Moreover, minimally invasive surgery under ISSW developed by Tianjin Hospital has been perfected in orthopedic surgeries with the rapid development of modern medical science and technology. Therefore, this study screened objects of study strictly based on the inclusion and exclusion criteria, carried out experiments and tests in strict accordance with operating guidelines, seriously and rigorously recorded all data of patients, and adopted advanced statistical software for processing, so as to study the advantages of using laparoscope combined with ISSW in the minimally invasive open reduction and internal fixation compared with the traditional large incision surgery, providing a reference and guidance for future clinical treatment of patients with multiple rib fractures.

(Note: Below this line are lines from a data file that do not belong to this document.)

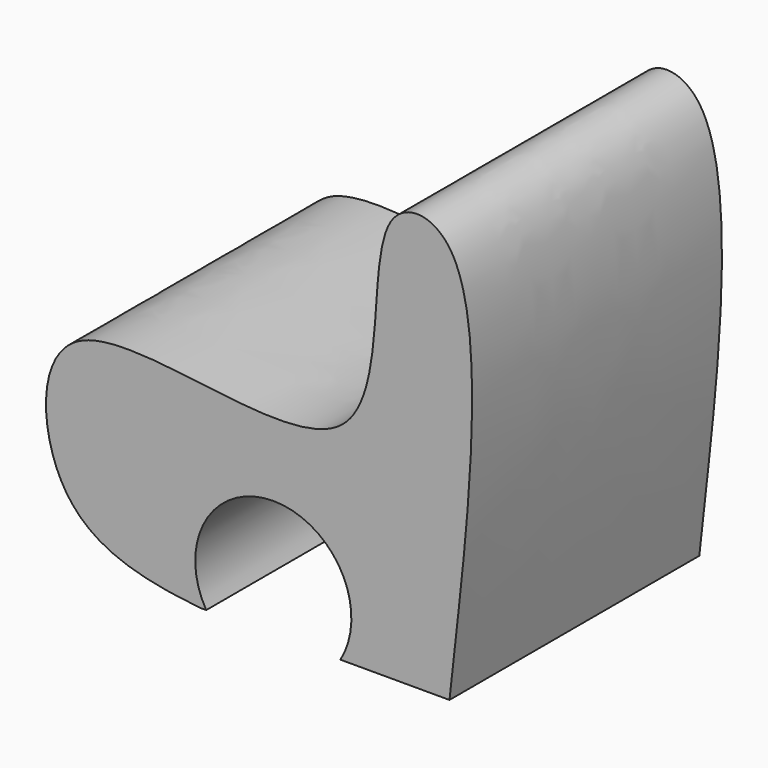
from build123d import *

# Parameters (mm, degrees)
F2_DEPTH = 50
F4_D     = 25


# Not quite as in the source:
# - a feature of the source that left no trace in its solid (it failed there, or was rolled back) is left out
# - the program builds the solid bodies; features that only make, move or delete a surface that nothing else refers to are left out


with BuildPart() as f2:
    # F1 (on Front) → F2 (new body)
    with BuildSketch(Plane.XZ):
        with BuildLine():
            add(Edge.make_bspline(
                [(-39.9705171585, 0), (-51.0732766987, 1.1455419157), (-65.2776511041, 5.7891437868), (-66.4366481756, 43.0274336767), (-5.2696100533, 17.6271931389), (-15.4772339938, 68.279140425), (8.9637191209, 66.9549032244), (2.0169374245, 19.1500262298), (0, 0)],
                knots=[0, 0, 0, 0, 0.1518425407, 0.2910338335, 0.489068508, 0.6625319848, 0.7561455289, 1, 1, 1, 1], degree=3))
            Line((-39.9705171585, 0), (0, 0))
        make_face()
    extrude(amount=F2_DEPTH)

    # F4 (through all)
    with Locations(Plane(origin=(0, 0, 0), x_dir=(1, 0, 0), z_dir=(0, 1, 0))):
        with Locations((-28.2071828842, -6.3905711286)):
            Hole(F4_D / 2)


solid = f2.part
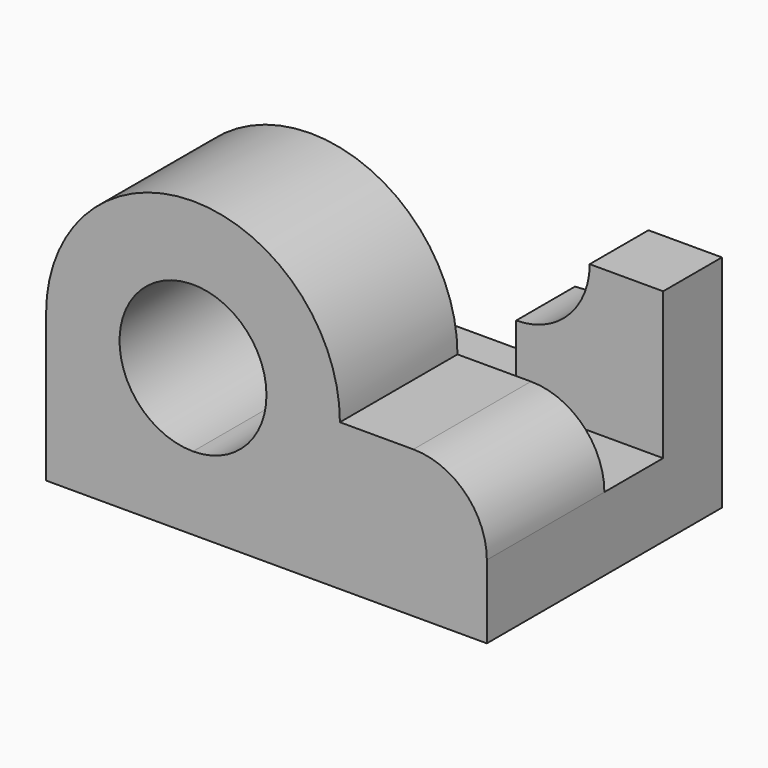
from build123d import *

# Parameters (mm, degrees)
F0_W     = 60
F0_H     = 40
F1_DEPTH = 10
F3_DEPTH = 20
F5_DEPTH = 25
F7_DEPTH = 10
F8_R     = 9.99999


# Not quite as in the source:
# - a fillet or chamfer is up to 0.001 mm smaller than in the source, because OpenCascade refuses the exact size


with BuildPart() as f1:
    # F0 (on Top) → F1 (new body)
    with BuildSketch(Plane.XY):
        with Locations((30, 20)):
            Rectangle(F0_W, F0_H)
    extrude(amount=F1_DEPTH)

    # F2 (on Front) → F3 (join)
    with BuildSketch(Plane.XZ):
        with BuildLine():
            Line((50, 20), (40, 20))
            ThreePointArc((40, 20), (20, 40), (0, 20))
            Line((0, 20), (0, 10))
            Line((0, 10), (60, 10))
            ThreePointArc((60, 10), (57.0710678119, 17.0710678119), (50, 20))
        make_face()
    extrude(amount=-F3_DEPTH)

    # F4 (on face) → F5 (cut)
    with BuildSketch(Plane.XZ):
        with BuildLine():
            ThreePointArc((30, 20), (12.928932207, 27.0710678307), (19.9999999466, 10))
            ThreePointArc((19.9999999466, 10), (27.071067793, 12.9289321693), (30, 20))
        make_face()
    extrude(amount=-F5_DEPTH, mode=Mode.SUBTRACT)

    # F6 (on face) → F7 (join)
    with BuildSketch(Plane(origin=(0, 40, 0), x_dir=(-1, 0, 0), z_dir=(0, 1, 0))):
        Polygon((-60, 30), (-60, 10), (-40, 10), (-40, 20), (-50, 20), (-50, 30), align=None)
    extrude(amount=-F7_DEPTH)

    # F8 (radius 10 in the source; OpenCascade refuses exactly that, so slightly less here)
    f8_edges = [f1.edges().sort_by_distance(p)[0] for p in [
        (50, 35, 20),
    ]]
    fillet(f8_edges, radius=F8_R)


solid = f1.part
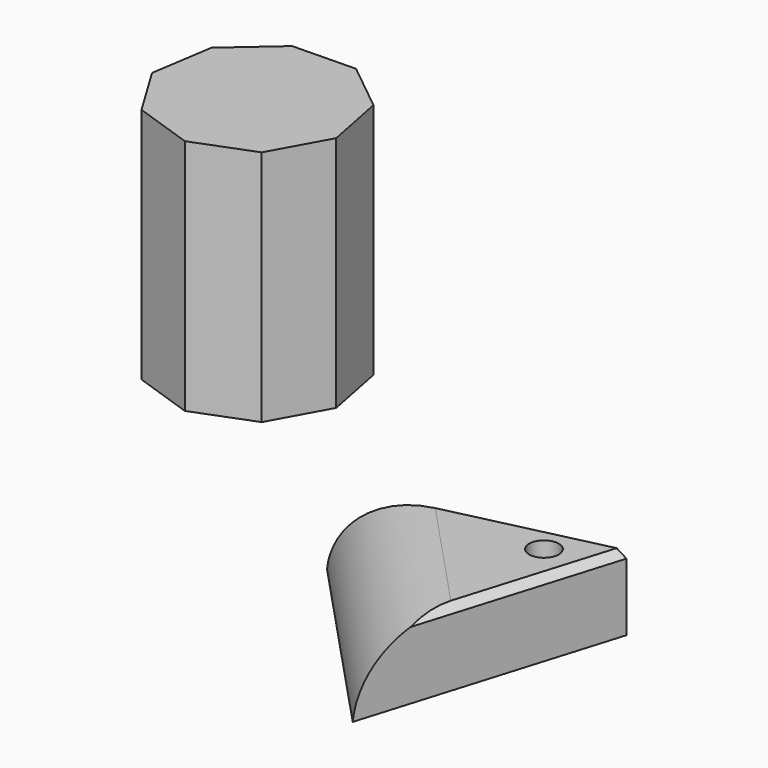
from build123d import *

# Parameters (mm, degrees)
F1_DEPTH    = 51
F2_T1_DEPTH = 202.5458455168
F3_T1_DEPTH = 447.7658767431
F4_R        = 10.0685716687
F5_DEPTH    = 111
F7_DEPTH    = 162


# Not quite as in the source:
# - a fillet or chamfer that OpenCascade refuses, or shapes differently, is made with other operations: its cross-section is extruded or revolved along the edge and cut away or added


with BuildPart() as f1:
    # F0 (on Top) → F1 (new body)
    with BuildSketch(Plane.XY):
        Polygon((-66.8284512856, -91.2451116348), (-15.4423944853, 77.9529200846), (-187.6652166247, 37.8555348143), align=None)
    extrude(amount=F1_DEPTH)

    # F2: chamfer of 5 on 1 edges, made by hand

    # F2_s2 → F2_t1 (cut)
    with BuildSketch(Plane(origin=(-34.7514003583, -114.42536957, 0), x_dir=(0, 0, 1), z_dir=(0.2905974261, 0.9568454086, 0))):
        Polygon((46, -37.428902193), (51, -42.428902193), (51, -37.428902193), align=None)
    extrude(amount=F2_T1_DEPTH, mode=Mode.SUBTRACT)

    # F3: fillet of radius 55.5269119346 on 1 edges, made by hand

    # F3_s2 → F3_t1 (cut)
    with BuildSketch(Plane(origin=(-201.066415005, 214.8171054023, 0), x_dir=(0, 0, 1), z_dir=(0.6833537183, -0.7300874576, 0))):
        with BuildLine():
            ThreePointArc((0, 111.1433004041), (36.3056938439, 93.4301560684), (51, 55.8012276445))
            Line((51, 55.8012276445), (51, 111.1433004041))
            Line((51, 111.1433004041), (0, 111.1433004041))
        make_face()
    extrude(amount=F3_T1_DEPTH, mode=Mode.SUBTRACT)

    # F4 (on face) → F5 (cut)
    with BuildSketch(Plane.XY.offset(51)):
        with Locations((-50.6426393986, 51.6071207821)):
            Circle(F4_R)
    extrude(amount=-F5_DEPTH, mode=Mode.SUBTRACT)


with BuildPart() as f7:
    # F6 (on Top) → F7 (new body)
    with BuildSketch(Plane.XY):
        Polygon((-360.7626209722, 133.0184859606), (-320.7055081859, 148.5207455781), (-299.9846399328, 186.1443811928), (-308.2955407554, 228.2848755603), (-341.7494477934, 255.2242230267), (-384.6929061449, 254.357203515), (-417.0321943839, 226.0895050905), (-423.6354001323, 183.6478980066), (-401.4128100338, 146.8912819037), align=None)
    extrude(amount=F7_DEPTH)


solid = Compound([f1.part, f7.part])
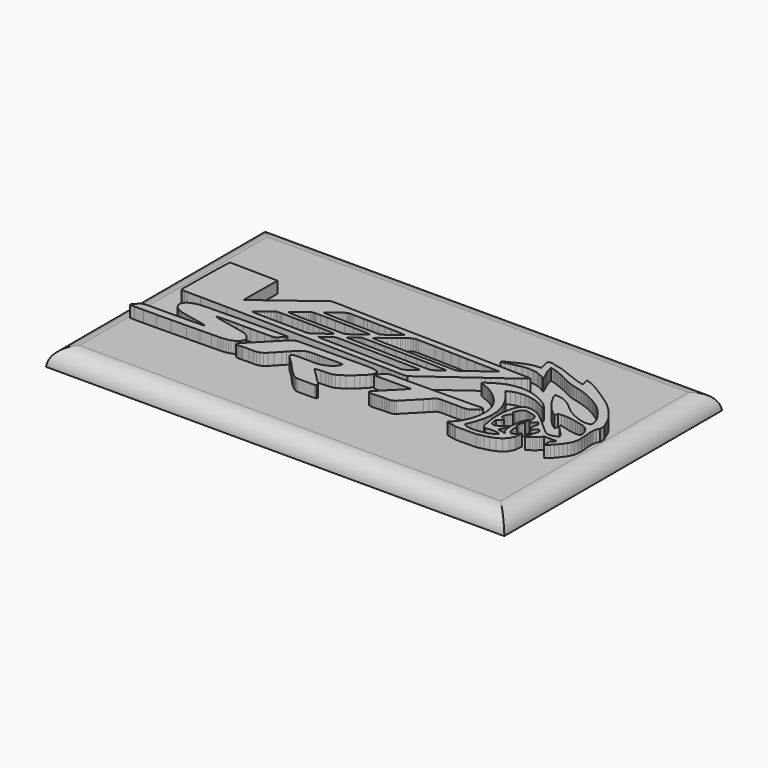
from build123d import *

# Parameters (mm, degrees)
F0_W        = 125.6636679173
F0_H        = 74.59346205
F1_DEPTH    = 4.7625
F3_DEPTH    = 3.175
F4_T1_DEPTH = 151.0140100007
F4_T3_DEPTH = 99.9438041335


# Not quite as in the source:
# - a fillet or chamfer that OpenCascade refuses, or shapes differently, is made with other operations: its cross-section is extruded or revolved along the edge and cut away or added


with BuildPart() as f1:
    # F0 (on Top) → F1 (new body)
    with BuildSketch(Plane.XY):
        Rectangle(F0_W, F0_H)
    extrude(amount=F1_DEPTH)

    # F2 (on face) → F3 (join)
    with BuildSketch(Plane.XY.offset(4.7625)):
        Polygon((-4.9450498, -8.5601048), (-4.421759, -8.639302), (-4.5465492, -9.1872054), (-4.8525684, -9.7208086), (-5.3076602, -10.224897), (-5.8802524, -10.6841036), (-6.5382648, -11.0831122), (-7.2498712, -11.4066066), (-7.9832708, -11.6391944), (-8.7064596, -11.7656102), (-9.5160592, -11.8009924), (-10.570972, -11.7964966), (-11.7620542, -11.7747034), (-12.9804668, -11.7577108), (-14.1171676, -11.7679978), (-15.0630636, -11.8277894), (-15.7091634, -11.95959), (-15.9465518, -12.1857008), (-15.8717742, -12.453112), (-15.6735526, -12.76731), (-15.3829512, -13.113512), (-15.0311612, -13.476605), (-14.2674594, -14.193901), (-13.6305544, -14.7994116), (-13.1164584, -15.3579068), (-12.4780548, -16.0731962), (-11.7503702, -16.876903), (-10.968355, -17.700498), (-10.1670612, -18.4758076), (-9.3814646, -19.134201), (-8.6465664, -19.6075046), (-7.9972662, -19.8271892), (-3.2755586, -19.8046086), (-2.797556, -19.6833998), (-2.6407618, -19.4626992), (-2.745867, -19.1551052), (-3.053461, -18.773394), (-3.504057, -18.330291), (-4.0383714, -17.8386994), (-4.5968666, -17.3112938), (-5.120259, -16.760698), (-5.4525672, -16.3987988), (-5.8057542, -16.0437068), (-6.1711586, -15.6935932), (-6.539865, -15.3470102), (-6.9028564, -15.0022052), (-7.2514714, -14.6572986), (-7.5766676, -14.3107918), (-7.869555, -13.9610084), (-6.2843664, -13.790803), (-5.0888646, -13.7265918), (-4.1617646, -13.6871964), (-3.381756, -13.5911082), (-2.6275538, -13.3571996), (-1.7779492, -12.9041906), (-0.711454, -12.1509028), (0.6931406, -11.0159038), (1.6305276, -10.2006908), (2.5060402, -9.348597), (3.211449, -8.5052916), (3.6384484, -7.716901), (3.6787328, -7.0292976), (3.2240474, -6.4884046), (2.1661374, -6.140196), (0.3966464, -6.030595), (-16.7135556, -6.2076076), (-17.6600612, -6.2193932), (-18.3821578, -6.2480952), (-18.9333632, -6.3112904), (-19.3670682, -6.4268096), (-19.7366636, -6.612509), (-20.0956672, -6.8859908), (-20.4974698, -7.265289), (-20.9954622, -7.7680058), (-28.045664, -14.961108), (-28.1941524, -15.2684988), (-28.1600656, -15.4747976), (-27.9811734, -15.5981908), (-27.6953726, -15.657195), (-27.3407632, -15.6701998), (-26.9550642, -15.6555948), (-26.576274, -15.6316934), (-26.242264, -15.6170122), (-24.5495572, -15.6137102), (-23.3030522, -15.6145992), (-22.3775524, -15.5568904), (-21.6474548, -15.3779982), (-20.9874612, -15.0153116), (-20.2721718, -14.4058894), (-19.3761614, -13.4872984), (-18.1740556, -12.196699), (-17.5040544, -11.4781076), (-16.752062, -10.6875072), (-16.366871, -10.2960932), (-15.98676, -9.923907), (-15.6206698, -9.5829882), (-15.2768554, -9.2860114), (-14.7908518, -8.9778078), (-14.2279624, -8.768207), (-13.6040622, -8.639302), (-12.9347722, -8.573008), (-12.2358658, -8.551291), (-11.5231672, -8.5560916), (-10.8124498, -8.5694012), (-10.1194616, -8.5732112), (-9.5076518, -8.5608922), (-8.7845646, -8.5400896), (-7.9914496, -8.5179916), (-7.1695564, -8.5017102), (-6.3603632, -8.4984082), (-5.6050688, -8.5155024), align=None)
        Polygon((-56.7795664, -14.6026886), (-57.280556, -14.9388068), (-57.2752728, -15.4519122), (-56.0680616, -15.5184094), (-53.5015694, -15.5360116), (-49.9995698, -15.516606), (-45.9858618, -15.4722068), (-41.8842698, -15.4148028), (-38.1184658, -15.3565098), (-35.1122742, -15.3092912), (-33.2894686, -15.285212), (-32.6026526, -15.2675082), (-31.9255648, -15.2214072), (-31.2669682, -15.1413972), (-30.6357528, -15.0217886), (-30.040453, -14.8571966), (-29.4899588, -14.6420078), (-28.9930586, -14.3704056), (-28.558363, -14.0370052), (-28.1099514, -13.4955026), (-27.9135586, -12.9533904), (-27.931872, -12.4250958), (-28.12796, -11.9251984), (-28.4644592, -11.4683032), (-28.9043618, -11.068812), (-29.4103552, -10.7412028), (-29.945457, -10.5002076), (-30.9034688, -10.21969), (-32.2077588, -9.9157028), (-33.7221576, -9.5976948), (-35.310572, -9.2750132), (-36.836858, -8.9571068), (-38.1648716, -8.6536022), (-39.1583672, -8.3737958), (-39.6813532, -8.127111), (-37.7867672, -8.075295), (-35.8783636, -8.0485996), (-33.962467, -8.0388968), (-32.0455544, -8.0381094), (-30.134052, -8.0383888), (-28.2345638, -8.0315054), (-26.353262, -8.0096106), (-24.4967506, -7.9645002), (-24.1630708, -7.9471012), (-23.8976662, -7.916291), (-23.684357, -7.8685898), (-23.5072682, -7.8001114), (-23.3501692, -7.7071982), (-23.197058, -7.5861926), (-23.0320596, -7.4332084), (-22.8389688, -7.244588), (-22.525863, -6.9569076), (-22.1765622, -6.6300096), (-22.0138498, -6.4578992), (-21.8727528, -6.2830964), (-21.7635582, -6.1080904), (-21.6963498, -5.9352942), (-22.897973, -5.86359), (-25.3242572, -5.8418984), (-28.5935674, -5.8582052), (-32.3243702, -5.900293), (-36.1351576, -5.9560968), (-39.6444724, -6.0136024), (-42.4707558, -6.0605924), (-44.2323728, -6.0851034), (-46.042961, -6.2347094), (-47.4401642, -6.6143124), (-48.4317548, -7.1706994), (-49.0252512, -7.8509114), (-49.2283496, -8.60171), (-49.0487716, -9.369806), (-48.494061, -10.1022912), (-47.5718632, -10.7459018), (-47.0938606, -10.9669072), (-46.5738718, -11.1561118), (-46.02226, -11.3192052), (-45.4497694, -11.462004), (-44.8667632, -11.5901978), (-44.2839602, -11.7096032), (-43.711749, -11.8259098), (-43.1608738, -11.9449088), (-42.8145702, -12.016613), (-42.2718738, -12.123801), (-41.6006534, -12.258294), (-40.8686508, -12.4122942), (-40.1436586, -12.5778006), (-39.4932662, -12.7468884), (-38.9852662, -12.9116074), (-38.6874512, -13.0640074), (-39.391463, -13.1373118), (-40.9285694, -13.1928108), (-43.0484534, -13.2329936), (-45.5008742, -13.260705), (-48.0355656, -13.2786882), (-50.4022614, -13.2896102), (-52.3507716, -13.2961888), (-53.6307538, -13.3012942), (-54.6571678, -13.339191), (-55.3450506, -13.4348982), (-55.7820576, -13.5832088), (-56.056149, -13.7791952), (-56.2552596, -14.0178028), (-56.4670702, -14.2940024), align=None)
        Polygon((4.0287448, -8.0929988), (3.9759382, -8.375396), (13.9917424, -8.3471004), (13.730732, -8.708009), (13.242036, -9.2605098), (12.59205, -9.946005), (11.8471442, -10.7063032), (11.0737396, -11.4830098), (10.3381302, -12.2177048), (9.7068386, -12.8520952), (9.246235, -13.3277102), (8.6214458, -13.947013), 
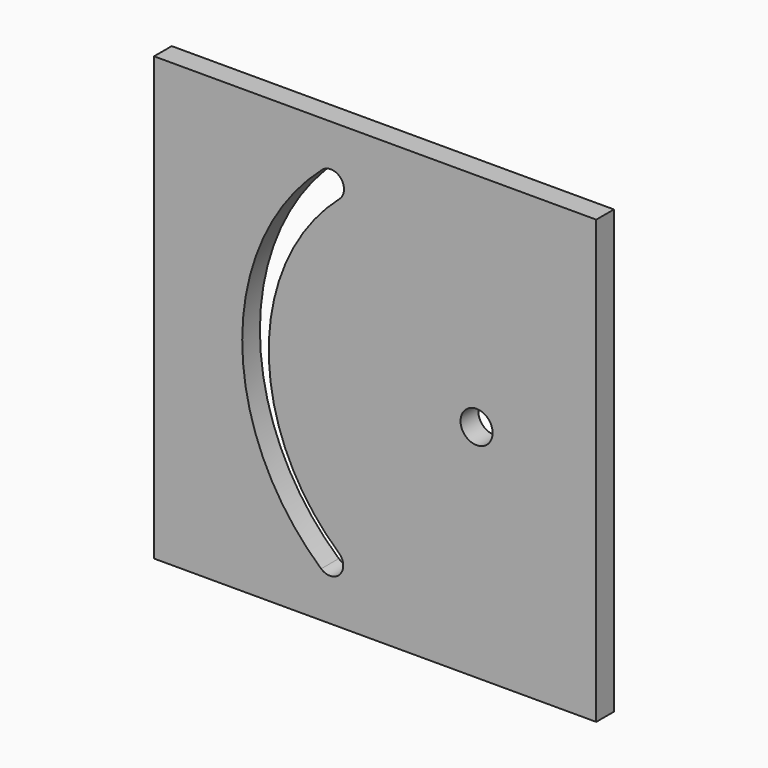
from build123d import *

# Parameters (mm, degrees)
F0_W     = 200
F0_H     = 200
F0_R     = 7.25
F1_DEPTH = 10


with BuildPart() as f1:
    # F0 (on Front) → F1 (new body)
    with BuildSketch(Plane.XZ):
        Rectangle(F0_W, F0_H)
        with BuildLine():
            ThreePointArc((-24.4348083961, -79.4901646735), (-60.1255414788, 0.098775478), (-24.0407608064, 79.5098353265))
            ThreePointArc((-24.0407608064, 79.5098353265), (-15.5734786606, 78.9574468193), (-16.1258671678, 70.4901646735))
            ThreePointArc((-16.1258671678, 70.4901646735), (-48.12557833, 0.0690361286), (-16.4753055963, -70.5098353265))
            ThreePointArc((-16.4753055963, -70.5098353265), (-15.9648923227, -78.9797513999), (-24.4348083961, -79.4901646735))
        make_face(mode=Mode.SUBTRACT)
        with Locations((45.8741330018, -0.1639221083)):
            Circle(F0_R, mode=Mode.SUBTRACT)
    extrude(amount=F1_DEPTH)


solid = f1.part

The results of this study showed that compared with the traditional open reduction and internal fixation, the minimally invasive open reduction and internal fixation for multiple rib fracture using thoracoscope combined with ISSW not only had less damage to patients, but also had a significantly better effect. Based on analyses, this is because the traditional large incision rib fracture open reduction and internal fixation needs to cut off partial chest wall muscles and nerves (long thoracic and thoracodorsal nerve) during operation, damaging some blood vessels below incisions, thus resulting in a higher incision infection rate and postoperative dysfunction: limited upper limb, shoulder and back function, long-term numbness of affected chest. However, open reduction and internal fixation for multiple rib fracture using thoracoscope combined with ISSM is a surgical method based on ISSM, which, compared to conventional surgery, can provide good lighting, comprehensively probe the tissues and structures around the broken ends of fractures in an intuitive and clear manner, determine the specific location, number and severity of fractures, effectively prevent the injury to intercostal vascular nerves, and reduce postoperative intrathoracic bleeding and effusion. At the same time, it does not cut off the chest wall muscles and nerves and can significantly reduce postoperative complications. It can be used for surgical opening on anterior, posterior and lateral ribs, because ISSW is able to go deep into the wound and can be opened internally. The width of the front of the lower supporting plate is less than that of the back, so a better surgical incision shape can be obtained. Moreover, ISSW can also support internally when there is a small opening in an outside incision, which is convenient for surgery and avoids contusion of outside muscles of the incision at the same time, so as to realize the minimally invasive surgery.

There were still shortcomings in the comparison of efficacy in the treatment of patients with rib fracture between traditional incision surgery and minimally invasive surgery using thoracoscope combined with ISSW. For example, all study participants were of the same race due to limited experimental conditions and small research object base, so there may be differences in different ethnic groups. In addition, the subsequent follow-up time for patients was short, so it was unable to evaluate the long-term efficacy of the two surgical methods, which will be constantly improved and perfected in future experiments.

In conclusion, application of thoracoscope combined with ISSW in minimally invasive internal fixation for rib fracture can effectively improve the prognosis of patients and reduce the length of stay and adverse reactions, and has high economic benefits, which is worthy of popularization and application in clinical practice.